A complete answer lists every line of the material where the string "diagram" occurs.

☆ ☆ ☆ ☆ ☆ ☆ ☆

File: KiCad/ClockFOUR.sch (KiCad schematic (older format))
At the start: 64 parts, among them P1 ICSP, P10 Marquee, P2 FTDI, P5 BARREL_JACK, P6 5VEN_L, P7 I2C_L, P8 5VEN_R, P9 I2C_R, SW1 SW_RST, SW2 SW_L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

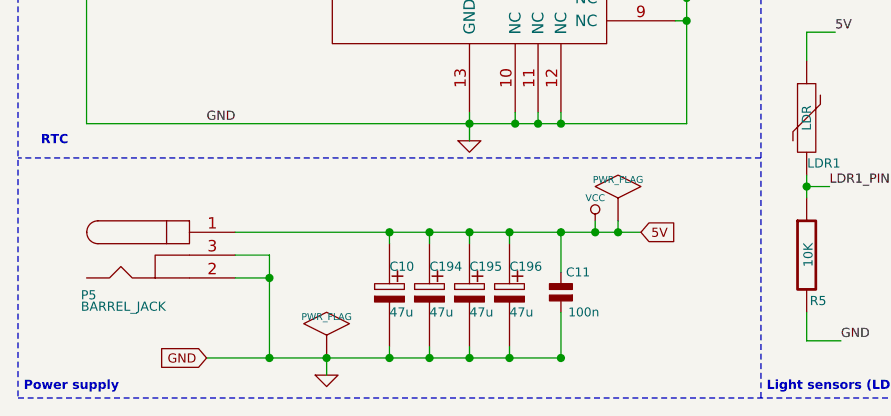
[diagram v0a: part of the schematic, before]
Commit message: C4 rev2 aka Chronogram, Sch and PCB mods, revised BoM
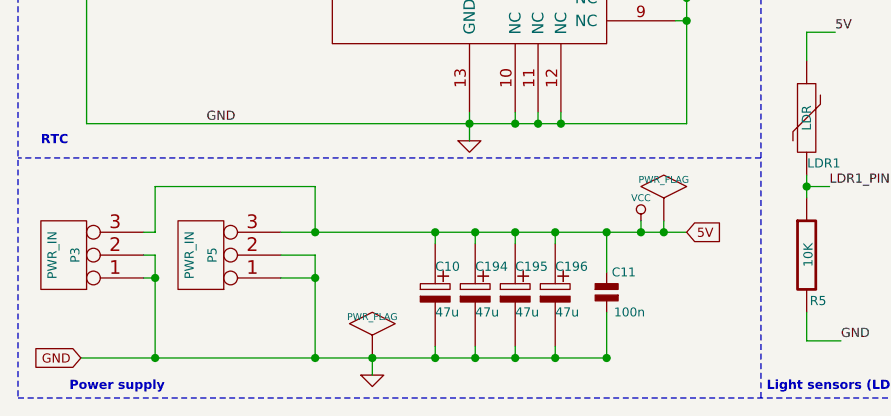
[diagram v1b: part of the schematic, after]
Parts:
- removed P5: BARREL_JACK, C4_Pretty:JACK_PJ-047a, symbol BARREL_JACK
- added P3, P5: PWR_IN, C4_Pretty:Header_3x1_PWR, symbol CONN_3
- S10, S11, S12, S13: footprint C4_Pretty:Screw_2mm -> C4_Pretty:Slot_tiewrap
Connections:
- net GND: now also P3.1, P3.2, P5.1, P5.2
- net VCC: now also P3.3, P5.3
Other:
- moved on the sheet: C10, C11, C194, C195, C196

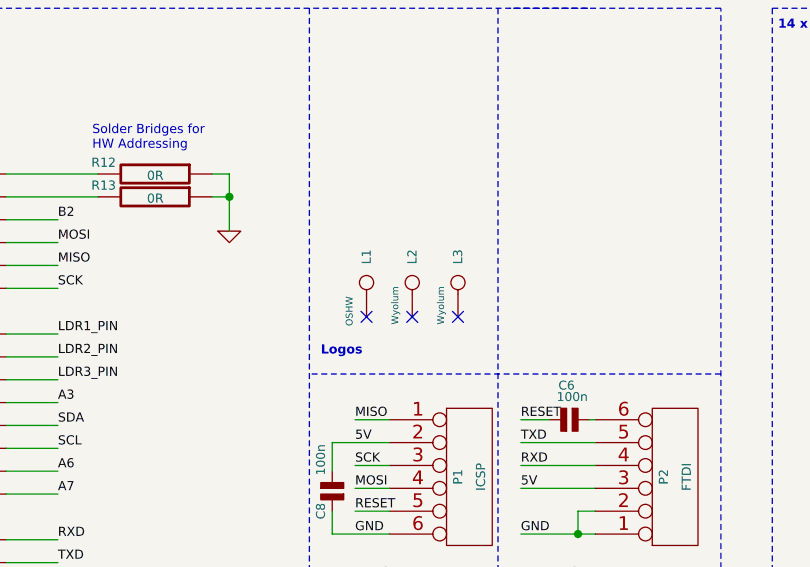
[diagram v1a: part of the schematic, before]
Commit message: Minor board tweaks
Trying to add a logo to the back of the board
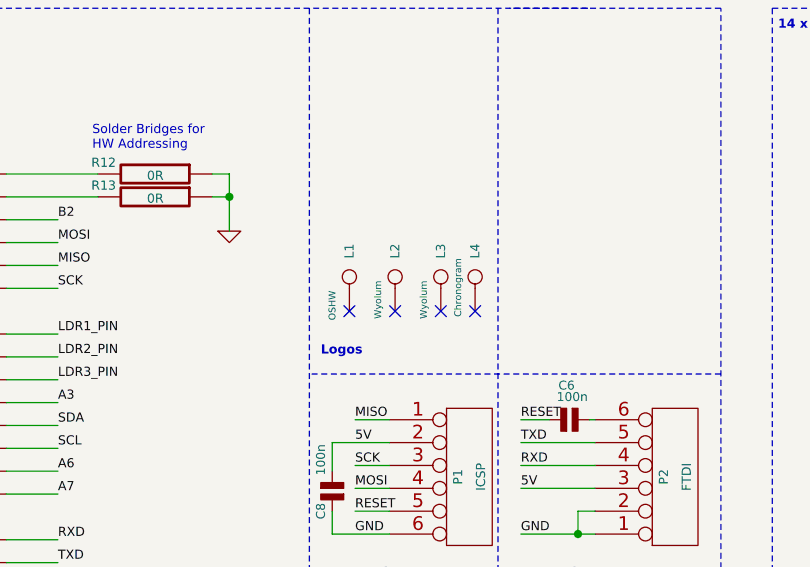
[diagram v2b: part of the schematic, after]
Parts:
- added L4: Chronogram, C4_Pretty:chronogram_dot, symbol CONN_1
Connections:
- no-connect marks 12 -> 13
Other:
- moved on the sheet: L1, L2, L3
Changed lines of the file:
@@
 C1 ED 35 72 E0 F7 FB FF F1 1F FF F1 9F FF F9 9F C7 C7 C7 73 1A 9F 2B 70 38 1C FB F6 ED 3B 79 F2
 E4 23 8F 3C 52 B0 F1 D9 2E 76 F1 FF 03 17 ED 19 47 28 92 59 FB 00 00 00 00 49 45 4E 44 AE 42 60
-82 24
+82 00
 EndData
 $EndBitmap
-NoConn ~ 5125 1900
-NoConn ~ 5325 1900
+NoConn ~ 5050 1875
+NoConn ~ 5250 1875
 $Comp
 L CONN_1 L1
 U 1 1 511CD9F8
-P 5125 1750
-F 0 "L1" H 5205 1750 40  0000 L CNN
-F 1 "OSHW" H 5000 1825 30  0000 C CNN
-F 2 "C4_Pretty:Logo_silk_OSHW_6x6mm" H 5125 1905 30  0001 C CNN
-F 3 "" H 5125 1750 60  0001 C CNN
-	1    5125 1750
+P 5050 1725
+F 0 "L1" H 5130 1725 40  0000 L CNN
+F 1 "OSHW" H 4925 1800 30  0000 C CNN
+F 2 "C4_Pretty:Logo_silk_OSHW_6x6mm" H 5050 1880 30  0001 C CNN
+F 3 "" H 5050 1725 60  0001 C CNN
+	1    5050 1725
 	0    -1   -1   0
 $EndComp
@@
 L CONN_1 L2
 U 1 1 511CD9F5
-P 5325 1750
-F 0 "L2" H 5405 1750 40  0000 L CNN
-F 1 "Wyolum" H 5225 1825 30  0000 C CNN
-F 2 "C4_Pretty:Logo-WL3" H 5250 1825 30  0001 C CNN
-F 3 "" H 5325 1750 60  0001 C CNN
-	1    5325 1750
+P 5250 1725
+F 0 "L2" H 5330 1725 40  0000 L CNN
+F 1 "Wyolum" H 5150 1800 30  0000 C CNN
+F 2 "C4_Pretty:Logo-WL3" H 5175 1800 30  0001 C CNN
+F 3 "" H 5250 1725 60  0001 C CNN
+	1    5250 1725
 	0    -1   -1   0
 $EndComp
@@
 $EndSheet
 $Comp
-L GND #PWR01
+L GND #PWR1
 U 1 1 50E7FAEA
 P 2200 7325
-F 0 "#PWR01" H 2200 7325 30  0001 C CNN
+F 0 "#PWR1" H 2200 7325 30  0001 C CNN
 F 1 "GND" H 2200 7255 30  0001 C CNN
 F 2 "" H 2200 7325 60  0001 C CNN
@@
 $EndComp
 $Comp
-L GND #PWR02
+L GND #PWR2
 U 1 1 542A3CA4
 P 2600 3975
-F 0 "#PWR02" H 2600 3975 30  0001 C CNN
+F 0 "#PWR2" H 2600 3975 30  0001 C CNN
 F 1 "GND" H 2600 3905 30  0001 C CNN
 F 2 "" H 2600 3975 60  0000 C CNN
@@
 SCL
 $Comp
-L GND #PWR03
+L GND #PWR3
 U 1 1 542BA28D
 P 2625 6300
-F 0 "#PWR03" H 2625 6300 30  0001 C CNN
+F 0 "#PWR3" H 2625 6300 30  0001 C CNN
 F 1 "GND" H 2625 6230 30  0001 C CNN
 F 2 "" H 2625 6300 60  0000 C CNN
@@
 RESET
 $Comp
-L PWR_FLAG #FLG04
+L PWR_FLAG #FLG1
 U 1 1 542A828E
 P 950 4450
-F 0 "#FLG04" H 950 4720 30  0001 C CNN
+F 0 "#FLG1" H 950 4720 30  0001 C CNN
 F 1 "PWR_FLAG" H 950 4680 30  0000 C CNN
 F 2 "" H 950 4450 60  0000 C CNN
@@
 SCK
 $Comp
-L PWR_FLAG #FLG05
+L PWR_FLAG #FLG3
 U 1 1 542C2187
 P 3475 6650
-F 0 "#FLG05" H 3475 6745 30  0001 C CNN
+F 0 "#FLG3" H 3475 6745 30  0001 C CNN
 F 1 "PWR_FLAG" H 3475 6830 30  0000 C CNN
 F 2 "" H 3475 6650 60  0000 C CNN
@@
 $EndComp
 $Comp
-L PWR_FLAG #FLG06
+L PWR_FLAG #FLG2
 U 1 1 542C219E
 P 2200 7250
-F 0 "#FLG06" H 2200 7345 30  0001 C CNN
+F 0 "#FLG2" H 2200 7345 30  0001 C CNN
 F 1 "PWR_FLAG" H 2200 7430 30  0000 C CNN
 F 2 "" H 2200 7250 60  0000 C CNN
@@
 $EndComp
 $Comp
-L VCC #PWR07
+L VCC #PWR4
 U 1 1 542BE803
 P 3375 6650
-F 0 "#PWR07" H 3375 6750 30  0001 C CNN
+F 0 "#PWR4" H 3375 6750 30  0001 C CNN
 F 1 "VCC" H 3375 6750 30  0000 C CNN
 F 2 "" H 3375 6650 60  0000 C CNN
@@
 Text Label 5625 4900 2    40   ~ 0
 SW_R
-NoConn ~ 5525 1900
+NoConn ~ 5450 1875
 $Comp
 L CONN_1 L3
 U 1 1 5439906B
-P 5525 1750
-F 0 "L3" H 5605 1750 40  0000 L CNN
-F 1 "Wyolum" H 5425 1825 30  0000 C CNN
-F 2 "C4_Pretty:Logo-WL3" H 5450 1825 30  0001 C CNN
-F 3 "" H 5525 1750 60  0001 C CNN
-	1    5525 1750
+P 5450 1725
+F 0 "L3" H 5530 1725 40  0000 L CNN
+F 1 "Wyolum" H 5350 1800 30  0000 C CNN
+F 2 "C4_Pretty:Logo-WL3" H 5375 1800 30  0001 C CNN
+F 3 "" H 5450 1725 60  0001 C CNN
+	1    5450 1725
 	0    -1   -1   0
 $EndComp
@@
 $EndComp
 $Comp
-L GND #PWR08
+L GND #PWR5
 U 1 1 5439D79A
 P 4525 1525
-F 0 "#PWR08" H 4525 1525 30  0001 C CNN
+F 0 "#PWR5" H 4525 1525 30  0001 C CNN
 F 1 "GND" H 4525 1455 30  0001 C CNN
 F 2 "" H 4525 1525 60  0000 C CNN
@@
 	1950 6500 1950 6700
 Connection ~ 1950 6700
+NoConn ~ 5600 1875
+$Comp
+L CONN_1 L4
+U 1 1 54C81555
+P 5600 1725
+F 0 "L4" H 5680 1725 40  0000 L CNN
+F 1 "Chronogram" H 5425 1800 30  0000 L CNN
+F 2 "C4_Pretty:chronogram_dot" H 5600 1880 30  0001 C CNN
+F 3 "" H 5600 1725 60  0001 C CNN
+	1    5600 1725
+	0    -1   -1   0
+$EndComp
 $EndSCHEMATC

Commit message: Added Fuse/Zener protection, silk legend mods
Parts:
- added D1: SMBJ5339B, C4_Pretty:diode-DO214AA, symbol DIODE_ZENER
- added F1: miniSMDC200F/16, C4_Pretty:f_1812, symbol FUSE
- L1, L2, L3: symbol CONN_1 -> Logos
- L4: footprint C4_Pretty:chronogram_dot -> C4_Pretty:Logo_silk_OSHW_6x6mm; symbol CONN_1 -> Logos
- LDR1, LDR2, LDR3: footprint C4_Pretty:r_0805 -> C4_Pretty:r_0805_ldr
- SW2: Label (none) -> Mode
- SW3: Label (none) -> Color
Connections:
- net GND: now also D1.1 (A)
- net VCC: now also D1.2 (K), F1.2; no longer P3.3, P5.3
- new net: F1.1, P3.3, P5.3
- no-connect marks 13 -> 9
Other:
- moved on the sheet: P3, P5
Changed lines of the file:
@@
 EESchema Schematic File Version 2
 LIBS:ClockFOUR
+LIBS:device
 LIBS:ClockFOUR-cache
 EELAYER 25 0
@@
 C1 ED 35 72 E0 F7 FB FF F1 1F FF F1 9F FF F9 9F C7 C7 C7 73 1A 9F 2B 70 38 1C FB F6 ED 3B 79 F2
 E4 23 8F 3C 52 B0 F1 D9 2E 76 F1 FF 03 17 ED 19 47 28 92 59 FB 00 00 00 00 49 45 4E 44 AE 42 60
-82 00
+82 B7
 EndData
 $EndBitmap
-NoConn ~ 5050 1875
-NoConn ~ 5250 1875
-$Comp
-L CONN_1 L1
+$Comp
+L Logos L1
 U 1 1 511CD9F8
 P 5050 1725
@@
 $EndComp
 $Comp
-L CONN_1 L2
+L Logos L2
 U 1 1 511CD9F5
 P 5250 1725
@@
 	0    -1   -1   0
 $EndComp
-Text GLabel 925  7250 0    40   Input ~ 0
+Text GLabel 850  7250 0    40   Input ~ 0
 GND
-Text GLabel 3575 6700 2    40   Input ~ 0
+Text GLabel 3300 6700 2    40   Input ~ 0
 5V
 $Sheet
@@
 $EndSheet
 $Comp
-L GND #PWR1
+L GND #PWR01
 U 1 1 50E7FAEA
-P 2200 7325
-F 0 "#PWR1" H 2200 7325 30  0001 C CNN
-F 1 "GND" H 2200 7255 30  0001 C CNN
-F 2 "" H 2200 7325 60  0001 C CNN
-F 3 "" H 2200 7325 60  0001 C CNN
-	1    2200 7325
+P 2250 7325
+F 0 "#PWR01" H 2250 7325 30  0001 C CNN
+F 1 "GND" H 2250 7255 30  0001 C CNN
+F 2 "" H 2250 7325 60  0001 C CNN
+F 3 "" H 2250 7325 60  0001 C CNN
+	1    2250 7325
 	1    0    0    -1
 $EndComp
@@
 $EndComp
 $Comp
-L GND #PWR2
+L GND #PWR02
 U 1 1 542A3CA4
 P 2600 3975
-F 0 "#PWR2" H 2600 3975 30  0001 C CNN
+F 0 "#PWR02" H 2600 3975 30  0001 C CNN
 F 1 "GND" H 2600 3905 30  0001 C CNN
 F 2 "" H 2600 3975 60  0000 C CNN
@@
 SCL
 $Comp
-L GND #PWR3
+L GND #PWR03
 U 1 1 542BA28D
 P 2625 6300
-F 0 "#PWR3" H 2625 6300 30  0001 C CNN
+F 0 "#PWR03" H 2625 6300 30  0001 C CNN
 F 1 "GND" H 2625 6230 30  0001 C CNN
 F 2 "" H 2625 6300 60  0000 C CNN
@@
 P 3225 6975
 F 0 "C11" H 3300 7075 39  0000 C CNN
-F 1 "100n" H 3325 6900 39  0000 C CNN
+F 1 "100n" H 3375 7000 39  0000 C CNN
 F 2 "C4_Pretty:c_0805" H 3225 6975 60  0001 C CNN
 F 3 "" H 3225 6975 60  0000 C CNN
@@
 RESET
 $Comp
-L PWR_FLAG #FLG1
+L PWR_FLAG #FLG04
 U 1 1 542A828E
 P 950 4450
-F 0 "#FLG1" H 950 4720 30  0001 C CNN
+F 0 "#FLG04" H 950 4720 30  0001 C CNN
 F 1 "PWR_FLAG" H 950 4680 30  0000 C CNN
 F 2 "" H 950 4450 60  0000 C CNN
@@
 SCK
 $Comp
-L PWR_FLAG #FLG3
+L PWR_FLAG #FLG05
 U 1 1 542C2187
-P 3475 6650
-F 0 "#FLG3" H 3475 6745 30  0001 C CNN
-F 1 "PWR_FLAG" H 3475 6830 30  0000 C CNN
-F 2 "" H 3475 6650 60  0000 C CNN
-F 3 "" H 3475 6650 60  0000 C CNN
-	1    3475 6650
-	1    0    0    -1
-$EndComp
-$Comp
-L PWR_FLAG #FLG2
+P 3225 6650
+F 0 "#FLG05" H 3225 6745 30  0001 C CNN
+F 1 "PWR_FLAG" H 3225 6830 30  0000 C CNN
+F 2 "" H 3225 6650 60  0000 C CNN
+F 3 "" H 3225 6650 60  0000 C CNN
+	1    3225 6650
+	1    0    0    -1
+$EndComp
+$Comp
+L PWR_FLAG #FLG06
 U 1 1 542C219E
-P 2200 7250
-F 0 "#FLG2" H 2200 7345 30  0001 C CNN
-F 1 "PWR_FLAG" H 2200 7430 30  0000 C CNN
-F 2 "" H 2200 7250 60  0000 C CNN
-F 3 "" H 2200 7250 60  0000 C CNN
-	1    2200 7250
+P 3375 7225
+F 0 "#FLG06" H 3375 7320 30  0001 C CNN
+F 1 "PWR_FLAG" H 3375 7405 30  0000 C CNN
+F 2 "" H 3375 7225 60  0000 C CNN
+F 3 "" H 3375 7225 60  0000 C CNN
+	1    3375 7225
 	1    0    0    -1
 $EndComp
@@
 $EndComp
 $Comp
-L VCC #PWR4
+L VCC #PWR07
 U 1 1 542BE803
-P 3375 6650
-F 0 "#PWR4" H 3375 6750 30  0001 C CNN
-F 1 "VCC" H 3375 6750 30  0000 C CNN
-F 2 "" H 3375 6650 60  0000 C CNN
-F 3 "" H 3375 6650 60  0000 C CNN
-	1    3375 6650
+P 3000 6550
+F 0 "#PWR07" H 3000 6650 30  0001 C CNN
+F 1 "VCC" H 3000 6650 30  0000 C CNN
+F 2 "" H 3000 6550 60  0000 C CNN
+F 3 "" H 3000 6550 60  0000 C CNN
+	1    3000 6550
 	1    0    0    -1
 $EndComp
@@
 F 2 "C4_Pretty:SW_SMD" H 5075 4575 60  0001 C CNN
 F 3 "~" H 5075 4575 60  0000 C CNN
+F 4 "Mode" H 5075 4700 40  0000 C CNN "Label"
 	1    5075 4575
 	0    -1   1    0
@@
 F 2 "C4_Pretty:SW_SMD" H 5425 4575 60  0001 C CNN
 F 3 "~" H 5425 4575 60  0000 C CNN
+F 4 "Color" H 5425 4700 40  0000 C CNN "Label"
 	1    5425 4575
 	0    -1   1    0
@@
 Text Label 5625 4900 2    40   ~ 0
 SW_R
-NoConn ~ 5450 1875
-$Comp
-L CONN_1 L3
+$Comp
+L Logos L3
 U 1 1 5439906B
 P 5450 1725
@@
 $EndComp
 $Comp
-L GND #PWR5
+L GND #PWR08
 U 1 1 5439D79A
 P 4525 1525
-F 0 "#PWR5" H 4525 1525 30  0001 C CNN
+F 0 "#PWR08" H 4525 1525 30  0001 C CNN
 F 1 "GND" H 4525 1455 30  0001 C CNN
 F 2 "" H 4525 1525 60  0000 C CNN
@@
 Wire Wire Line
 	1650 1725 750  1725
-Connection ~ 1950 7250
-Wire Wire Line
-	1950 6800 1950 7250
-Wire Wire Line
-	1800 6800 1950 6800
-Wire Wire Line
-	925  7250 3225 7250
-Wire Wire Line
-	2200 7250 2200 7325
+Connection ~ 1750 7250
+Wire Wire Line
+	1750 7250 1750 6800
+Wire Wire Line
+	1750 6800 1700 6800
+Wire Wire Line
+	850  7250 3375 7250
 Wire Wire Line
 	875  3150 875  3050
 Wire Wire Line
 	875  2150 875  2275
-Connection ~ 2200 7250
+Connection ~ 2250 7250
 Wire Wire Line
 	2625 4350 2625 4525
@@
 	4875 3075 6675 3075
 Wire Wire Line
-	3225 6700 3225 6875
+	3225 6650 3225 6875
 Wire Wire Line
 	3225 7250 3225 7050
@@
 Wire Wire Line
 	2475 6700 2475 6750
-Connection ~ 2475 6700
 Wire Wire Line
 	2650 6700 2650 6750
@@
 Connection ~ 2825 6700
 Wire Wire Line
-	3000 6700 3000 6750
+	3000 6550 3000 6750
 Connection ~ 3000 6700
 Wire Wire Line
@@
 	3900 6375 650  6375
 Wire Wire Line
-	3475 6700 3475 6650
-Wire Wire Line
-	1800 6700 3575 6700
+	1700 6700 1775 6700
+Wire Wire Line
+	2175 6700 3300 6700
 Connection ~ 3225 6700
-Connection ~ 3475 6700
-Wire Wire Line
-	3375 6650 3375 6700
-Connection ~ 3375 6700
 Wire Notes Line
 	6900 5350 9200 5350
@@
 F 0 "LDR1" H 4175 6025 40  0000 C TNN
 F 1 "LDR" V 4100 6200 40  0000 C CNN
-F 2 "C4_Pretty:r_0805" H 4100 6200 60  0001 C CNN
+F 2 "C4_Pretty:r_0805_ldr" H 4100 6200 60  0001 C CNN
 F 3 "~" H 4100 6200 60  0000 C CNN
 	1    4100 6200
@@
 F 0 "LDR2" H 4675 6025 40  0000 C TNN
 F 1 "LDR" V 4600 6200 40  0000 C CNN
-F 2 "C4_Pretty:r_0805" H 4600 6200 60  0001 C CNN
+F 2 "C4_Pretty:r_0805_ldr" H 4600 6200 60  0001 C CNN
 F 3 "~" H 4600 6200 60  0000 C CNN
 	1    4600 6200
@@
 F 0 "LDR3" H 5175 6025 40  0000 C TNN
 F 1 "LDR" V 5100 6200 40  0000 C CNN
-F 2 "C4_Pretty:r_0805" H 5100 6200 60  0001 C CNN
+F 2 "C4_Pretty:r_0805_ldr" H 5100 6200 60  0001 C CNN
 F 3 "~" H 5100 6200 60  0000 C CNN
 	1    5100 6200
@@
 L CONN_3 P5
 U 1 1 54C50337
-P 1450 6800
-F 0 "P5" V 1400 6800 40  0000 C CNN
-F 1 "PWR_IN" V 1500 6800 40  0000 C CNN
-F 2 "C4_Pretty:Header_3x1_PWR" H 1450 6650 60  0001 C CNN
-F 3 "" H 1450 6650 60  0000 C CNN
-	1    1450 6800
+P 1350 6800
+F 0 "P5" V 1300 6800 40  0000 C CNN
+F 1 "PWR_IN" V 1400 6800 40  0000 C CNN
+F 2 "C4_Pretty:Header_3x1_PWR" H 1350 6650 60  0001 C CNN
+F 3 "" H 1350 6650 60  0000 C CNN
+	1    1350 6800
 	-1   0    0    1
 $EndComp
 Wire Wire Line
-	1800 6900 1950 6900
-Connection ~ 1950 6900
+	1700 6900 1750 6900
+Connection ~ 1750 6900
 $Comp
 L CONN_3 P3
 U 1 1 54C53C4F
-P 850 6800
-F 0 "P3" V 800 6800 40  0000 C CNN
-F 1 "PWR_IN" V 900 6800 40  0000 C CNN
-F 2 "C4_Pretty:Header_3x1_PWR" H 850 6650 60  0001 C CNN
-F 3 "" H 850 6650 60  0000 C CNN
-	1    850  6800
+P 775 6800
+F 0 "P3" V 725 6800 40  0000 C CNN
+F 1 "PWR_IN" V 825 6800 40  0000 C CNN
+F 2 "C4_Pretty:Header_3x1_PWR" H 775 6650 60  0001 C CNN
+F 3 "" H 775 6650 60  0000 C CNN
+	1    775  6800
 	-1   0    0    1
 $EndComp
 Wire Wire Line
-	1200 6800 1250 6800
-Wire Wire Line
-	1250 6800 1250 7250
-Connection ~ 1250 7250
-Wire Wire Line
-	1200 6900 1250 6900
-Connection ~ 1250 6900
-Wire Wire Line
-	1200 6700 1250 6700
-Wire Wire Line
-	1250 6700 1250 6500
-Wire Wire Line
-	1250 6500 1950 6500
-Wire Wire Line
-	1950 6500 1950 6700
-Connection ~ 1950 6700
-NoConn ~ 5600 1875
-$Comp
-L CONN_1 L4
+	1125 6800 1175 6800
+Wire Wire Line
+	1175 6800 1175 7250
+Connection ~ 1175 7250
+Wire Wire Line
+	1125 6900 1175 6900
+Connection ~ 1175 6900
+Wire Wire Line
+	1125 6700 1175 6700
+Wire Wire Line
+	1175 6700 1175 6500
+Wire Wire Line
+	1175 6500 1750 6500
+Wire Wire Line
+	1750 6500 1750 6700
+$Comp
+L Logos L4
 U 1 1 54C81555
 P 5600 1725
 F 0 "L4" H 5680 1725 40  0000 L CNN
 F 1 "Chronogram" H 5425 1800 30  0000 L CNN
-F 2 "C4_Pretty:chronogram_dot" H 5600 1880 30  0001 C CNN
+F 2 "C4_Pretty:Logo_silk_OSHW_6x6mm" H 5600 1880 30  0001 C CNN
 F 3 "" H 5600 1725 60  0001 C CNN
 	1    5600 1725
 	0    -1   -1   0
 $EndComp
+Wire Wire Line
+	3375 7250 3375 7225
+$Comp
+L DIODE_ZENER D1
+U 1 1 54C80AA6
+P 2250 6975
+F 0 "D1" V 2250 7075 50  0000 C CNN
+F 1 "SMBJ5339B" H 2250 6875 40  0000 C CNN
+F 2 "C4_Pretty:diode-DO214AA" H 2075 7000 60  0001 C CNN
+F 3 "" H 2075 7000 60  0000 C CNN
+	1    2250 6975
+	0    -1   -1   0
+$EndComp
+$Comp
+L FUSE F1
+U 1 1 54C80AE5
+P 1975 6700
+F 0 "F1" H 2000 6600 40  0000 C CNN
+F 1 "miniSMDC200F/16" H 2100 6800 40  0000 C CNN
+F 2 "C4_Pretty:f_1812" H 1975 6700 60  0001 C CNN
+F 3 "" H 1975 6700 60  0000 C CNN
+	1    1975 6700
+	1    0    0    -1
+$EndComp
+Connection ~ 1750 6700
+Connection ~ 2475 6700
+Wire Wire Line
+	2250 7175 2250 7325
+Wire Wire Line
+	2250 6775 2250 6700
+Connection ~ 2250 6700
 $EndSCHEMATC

☆ ☆ ☆ ☆ ☆ ☆ ☆

• _Solution to this task_
[diagram v0a: part of the schematic, before]
[diagram v1b: part of the schematic, after]
[diagram v1a: part of the schematic, before]
[diagram v2b: part of the schematic, after]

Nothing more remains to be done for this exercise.